Furthermore, there exist self-improving training pipelines that use rationales generated by CoT to fine-tune LLMs, thereby enhancing their reasoning abilities. Likewise, it is interesting to investigate how the more structured answers from SoT can be used to fine-tune LLMs to enhance their ability to generate well-organized and comprehensive answers.
Efficiency and overhead of SoT in different scenarios
Serving systems commonly adopt batch processing to handle concurrent queries. This raises a concern of whether SoT may hurt serving throughput due to parallel requests. (1) When there is an unsaturated number of concurrent queries, SoT can effectively reduce latency and enhance GPU utilization. Example scenarios include (a) Edge-side applications with a single user; (b) Centralized services during periods with unsaturated user requests and underutilized computing capacity. It is interesting to study the appropriate SoT triggering conditions based on system workloads. (2) When there is a saturated number of concurrent queries, SoT is still useful for improving answer quality. However, in this case, it is important to consider the computation overhead from SoT.
For API-based models, a notable concern arises regarding the increased number of prefilling tokens. Given that many APIs charge token usage, SoT may lead to higher costs. To address this, one can tune the number of parallel API requests (by expanding multiple points in a single API call), or use prompt tuning to design shorter SoT prompts.
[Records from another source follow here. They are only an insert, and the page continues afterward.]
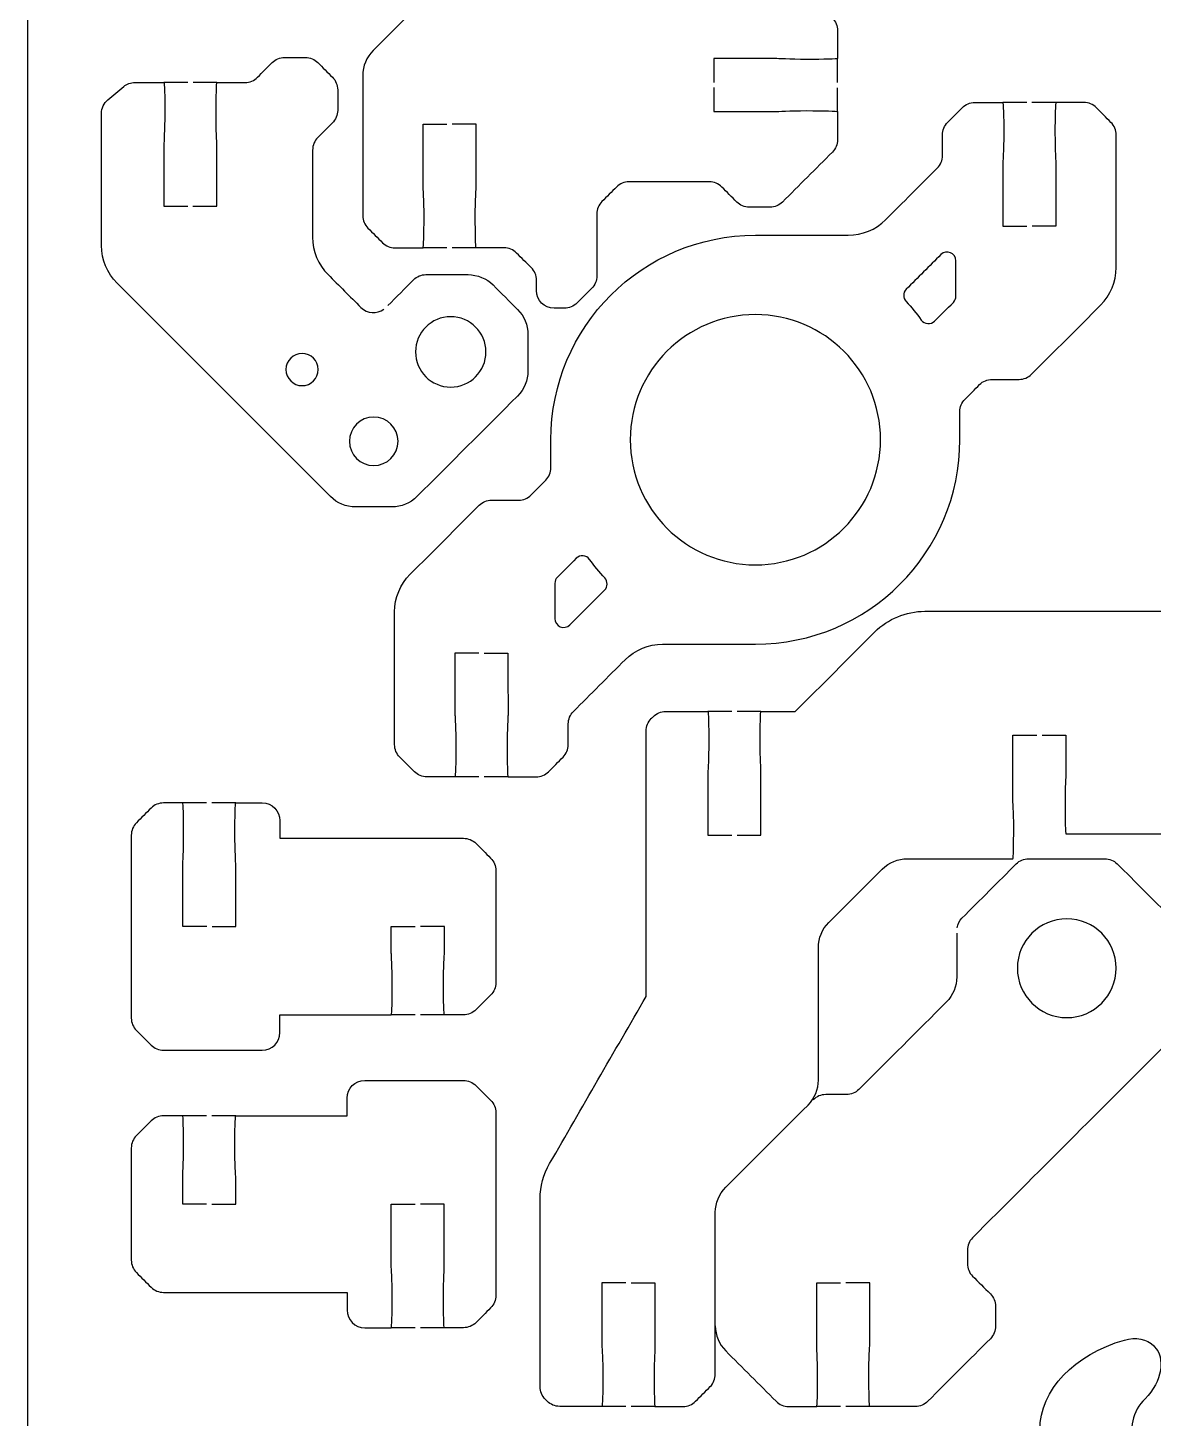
# Model space of a CAD drawing. Extents: x 0 to 265, y 230 to 450.
# Drawn here: x 0 to 63.7, y 292.7 to 371.4 of the extents above; entities that cross this region are included whole.
import ezdxf

# ---------------------------------------------------------------- set-up
doc = ezdxf.new("R2010")
doc.units = 0
doc.header["$MEASUREMENT"] = 0
doc.layers.add('DEFAULT', color=18, linetype='CONTINUOUS')

msp = doc.modelspace()

# ---------------------------------------------------------------- linework, layer by layer
at = {"layer": 'DEFAULT', "color": 1}
for points in [[(0, 242.15), (0, 437.85)], [(45.829, 368.346), (45.829, 369.697)], [(9.056, 368.343), (7.705, 368.343)], [(10.707, 368.343), (9.356, 368.343)], [(45.829, 366.699), (45.829, 368.046)], [(56.533, 367.207), (55.185, 367.207)], [(58.184, 367.207), (56.833, 367.207)], [(23.721, 358.983), (22.37, 358.983)], [(25.372, 358.983), (24.021, 358.983)], [(39.843, 332.74), (38.495, 332.74)], [(41.494, 332.74), (40.143, 332.74)], [(25.527, 329.04), (24.179, 329.04)], [(27.178, 329.04), (25.827, 329.04)], [(10.121, 327.565), (8.77, 327.565)], [(11.772, 327.565), (10.421, 327.565)], [(21.925, 315.567), (20.574, 315.567)], [(23.576, 315.567), (22.225, 315.567)], [(10.121, 309.863), (8.77, 309.863)], [(11.769, 309.863), (10.421, 309.863)], [(21.925, 297.865), (20.574, 297.865)], [(23.573, 297.865), (22.225, 297.865)], [(33.845, 293.409), (32.498, 293.409)], [(35.496, 293.409), (34.145, 293.409)], [(45.999, 293.409), (44.651, 293.409)], [(47.65, 293.409), (46.299, 293.409)]]:
    msp.add_lwpolyline(points, dxfattribs=at)
for points, knots in [([(34.756, 396.258), (34.981, 396.649), (35.207, 397.041), (35.433, 397.433), (34.423, 398.015), (33.413, 398.597), (32.403, 399.179), (32.321, 399.225), (31.697, 399.525), (30.857, 400.008), (30.028, 400.484), (29.369, 400.893), (29.372, 400.929), (29.636, 401.387), (29.899, 401.846), (30.163, 402.304), (30.297, 402.534), (30.515, 402.703), (30.773, 402.774), (31.097, 402.861), (31.422, 402.948), (31.746, 403.035), (32.103, 403.13), (32.484, 403.081), (32.805, 402.894), (35.204, 401.507), (37.603, 400.121), (40.001, 398.734), (40.929, 398.198), (41.501, 397.207), (41.501, 396.134), (41.501, 393.758), (41.501, 391.381), (41.501, 389.005), (41.501, 388.472), (41.289, 387.964), (40.915, 387.59), (40.361, 387.036), (39.807, 386.482), (39.254, 385.929), (38.88, 385.555), (38.668, 385.047), (38.668, 384.514), (38.668, 381.712), (38.668, 378.909), (38.668, 376.107), (38.668, 375.574), (38.88, 375.066), (39.254, 374.693), (39.584, 374.362), (39.914, 374.032), (40.245, 373.701), (40.619, 373.327), (41.127, 373.116), (41.66, 373.116), (42.439, 373.116), (43.219, 373.116), (43.998, 373.116), (44.263, 373.116), (44.517, 373.01), (44.704, 372.823), (44.982, 372.545), (45.259, 372.268), (45.537, 371.99), (45.724, 371.803), (45.829, 371.549), (45.829, 371.285), (45.829, 370.756), (45.829, 370.226), (45.829, 369.697), (45.829, 369.669), (45.046, 369.648), (44.08, 369.648), (43.113, 369.648), (42.422, 369.697), (42.33, 369.697), (41.163, 369.697), (39.997, 369.697), (38.83, 369.697), (38.83, 369.248), (38.83, 368.799), (38.83, 368.35)], [0, 0, 0, 0, 3.843865, 3.843865, 3.843865, 13.758027, 13.758027, 13.758027, 14.758027, 14.758027, 14.758027, 15.772169, 15.772169, 15.772169, 20.269679, 20.269679, 20.269679, 21.269679, 21.269679, 21.269679, 24.127161, 24.127161, 24.127161, 25.127161, 25.127161, 25.127161, 48.689081, 48.689081, 48.689081, 49.689081, 49.689081, 49.689081, 69.899081, 69.899081, 69.899081, 70.899081, 70.899081, 70.899081, 77.560027, 77.560027, 77.560027, 78.560027, 78.560027, 78.560027, 102.390027, 102.390027, 102.390027, 103.390027, 103.390027, 103.390027, 107.363967, 107.363967, 107.363967, 108.363967, 108.363967, 108.363967, 114.993967, 114.993967, 114.993967, 115.993967, 115.993967, 115.993967, 119.331511, 119.331511, 119.331511, 120.331511, 120.331511, 120.331511, 124.831511, 124.831511, 124.831511, 125.831511, 125.831511, 125.831511, 126.831511, 126.831511, 126.831511, 136.751511, 136.751511, 136.751511, 140.571511, 140.571511, 140.571511, 140.571511]), ([(23.865, 374.322), (23.721, 374.273), (23.59, 374.195), (23.484, 374.089), (22.171, 372.776), (20.857, 371.462), (19.544, 370.149), (19.17, 369.775), (18.958, 369.267), (18.958, 368.734), (18.958, 366.091), (18.958, 363.447), (18.958, 360.804), (18.958, 360.539), (19.064, 360.285), (19.251, 360.098), (19.526, 359.822), (19.801, 359.545), (20.077, 359.269), (20.264, 359.082), (20.518, 358.976), (20.786, 358.976), (21.314, 358.976), (21.842, 358.976), (22.373, 358.98), (22.401, 358.98), (22.426, 359.763), (22.426, 360.73), (22.426, 361.696), (22.373, 362.388), (22.373, 362.479), (22.373, 363.646), (22.373, 364.812), (22.373, 365.979), (22.824, 365.979), (23.274, 365.979), (23.724, 365.979)], [0, 0, 0, 0, 1, 1, 1, 16.796765, 16.796765, 16.796765, 17.796765, 17.796765, 17.796765, 40.276765, 40.276765, 40.276765, 41.276765, 41.276765, 41.276765, 44.593104, 44.593104, 44.593104, 45.593104, 45.593104, 45.593104, 50.097246, 50.097246, 50.097246, 51.097246, 51.097246, 51.097246, 52.097246, 52.097246, 52.097246, 62.017246, 62.017246, 62.017246, 65.847246, 65.847246, 65.847246, 65.847246]), ([(9.349, 361.343), (9.799, 361.343), (10.249, 361.343), (10.7, 361.343), (10.701, 362.51), (10.702, 363.676), (10.703, 364.843), (10.703, 364.935), (10.65, 365.626), (10.654, 366.593), (10.654, 367.559), (10.679, 368.343), (10.707, 368.343), (11.235, 368.343), (11.763, 368.343), (12.291, 368.343), (12.559, 368.343), (12.813, 368.448), (13, 368.635), (13.276, 368.912), (13.553, 369.188), (13.829, 369.464), (14.016, 369.651), (14.27, 369.757), (14.534, 369.757), (14.925, 369.757), (15.315, 369.757), (15.706, 369.757), (15.974, 369.757), (16.228, 369.651), (16.415, 369.464), (16.691, 369.188), (16.967, 368.912), (17.244, 368.635), (17.431, 368.448), (17.537, 368.194), (17.537, 367.93), (17.537, 367.539), (17.537, 367.149), (17.537, 366.759), (17.537, 366.49), (17.431, 366.236), (17.24, 366.049), (16.964, 365.774), (16.688, 365.499), (16.411, 365.224), (16.224, 365.037), (16.118, 364.783), (16.118, 364.515), (16.118, 362.873), (16.118, 361.232), (16.118, 359.59), (16.118, 358.796), (16.432, 358.031), (16.997, 357.47), (17.615, 356.85), (18.234, 356.231), (18.852, 355.611), (19.209, 355.258), (19.763, 355.226), (20.154, 355.516)], [0, 0, 0, 0, 3.83, 3.83, 3.83, 13.750005, 13.750005, 13.750005, 14.750005, 14.750005, 14.750005, 15.750005, 15.750005, 15.750005, 20.240005, 20.240005, 20.240005, 21.240005, 21.240005, 21.240005, 24.563407, 24.563407, 24.563407, 25.563407, 25.563407, 25.563407, 28.883407, 28.883407, 28.883407, 29.883407, 29.883407, 29.883407, 33.206809, 33.206809, 33.206809, 34.206809, 34.206809, 34.206809, 37.526809, 37.526809, 37.526809, 38.526809, 38.526809, 38.526809, 41.843147, 41.843147, 41.843147, 42.843147, 42.843147, 42.843147, 56.803147, 56.803147, 56.803147, 57.803147, 57.803147, 57.803147, 65.248985, 65.248985, 65.248985, 66.248985, 66.248985, 66.248985, 66.248985]), ([(20.376, 355.717), (20.861, 356.202), (21.345, 356.688), (21.83, 357.174), (22.017, 357.361), (22.271, 357.466), (22.535, 357.466), (23.329, 357.466), (24.123, 357.466), (24.917, 357.466), (25.446, 357.466), (25.957, 357.255), (26.331, 356.881), (26.795, 356.417), (27.258, 355.954), (27.721, 355.491), (28.095, 355.117), (28.307, 354.609), (28.307, 354.076), (28.307, 353.388), (28.307, 352.7), (28.307, 352.012), (28.307, 351.483), (28.095, 350.972), (27.721, 350.598), (25.822, 348.7), (23.923, 346.802), (22.024, 344.904), (21.65, 344.53), (21.138, 344.318), (20.609, 344.318), (19.923, 344.318), (19.236, 344.318), (18.549, 344.318), (18.016, 344.318), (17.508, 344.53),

See Appendix H in the technical report for more information on these concerns.
Data-centric efficiency optimization
While data-centric engineering for improving answer quality is gaining popularity, its potential for inference efficiency is not explored yet. SoT is the first attempt. As LLM capabilities and the amount of LLM-generated data are growing rapidly, data-centric techniques could become more useful in the future. We look forward to more explorations to unlock the full potential of data-centric efficiency optimization.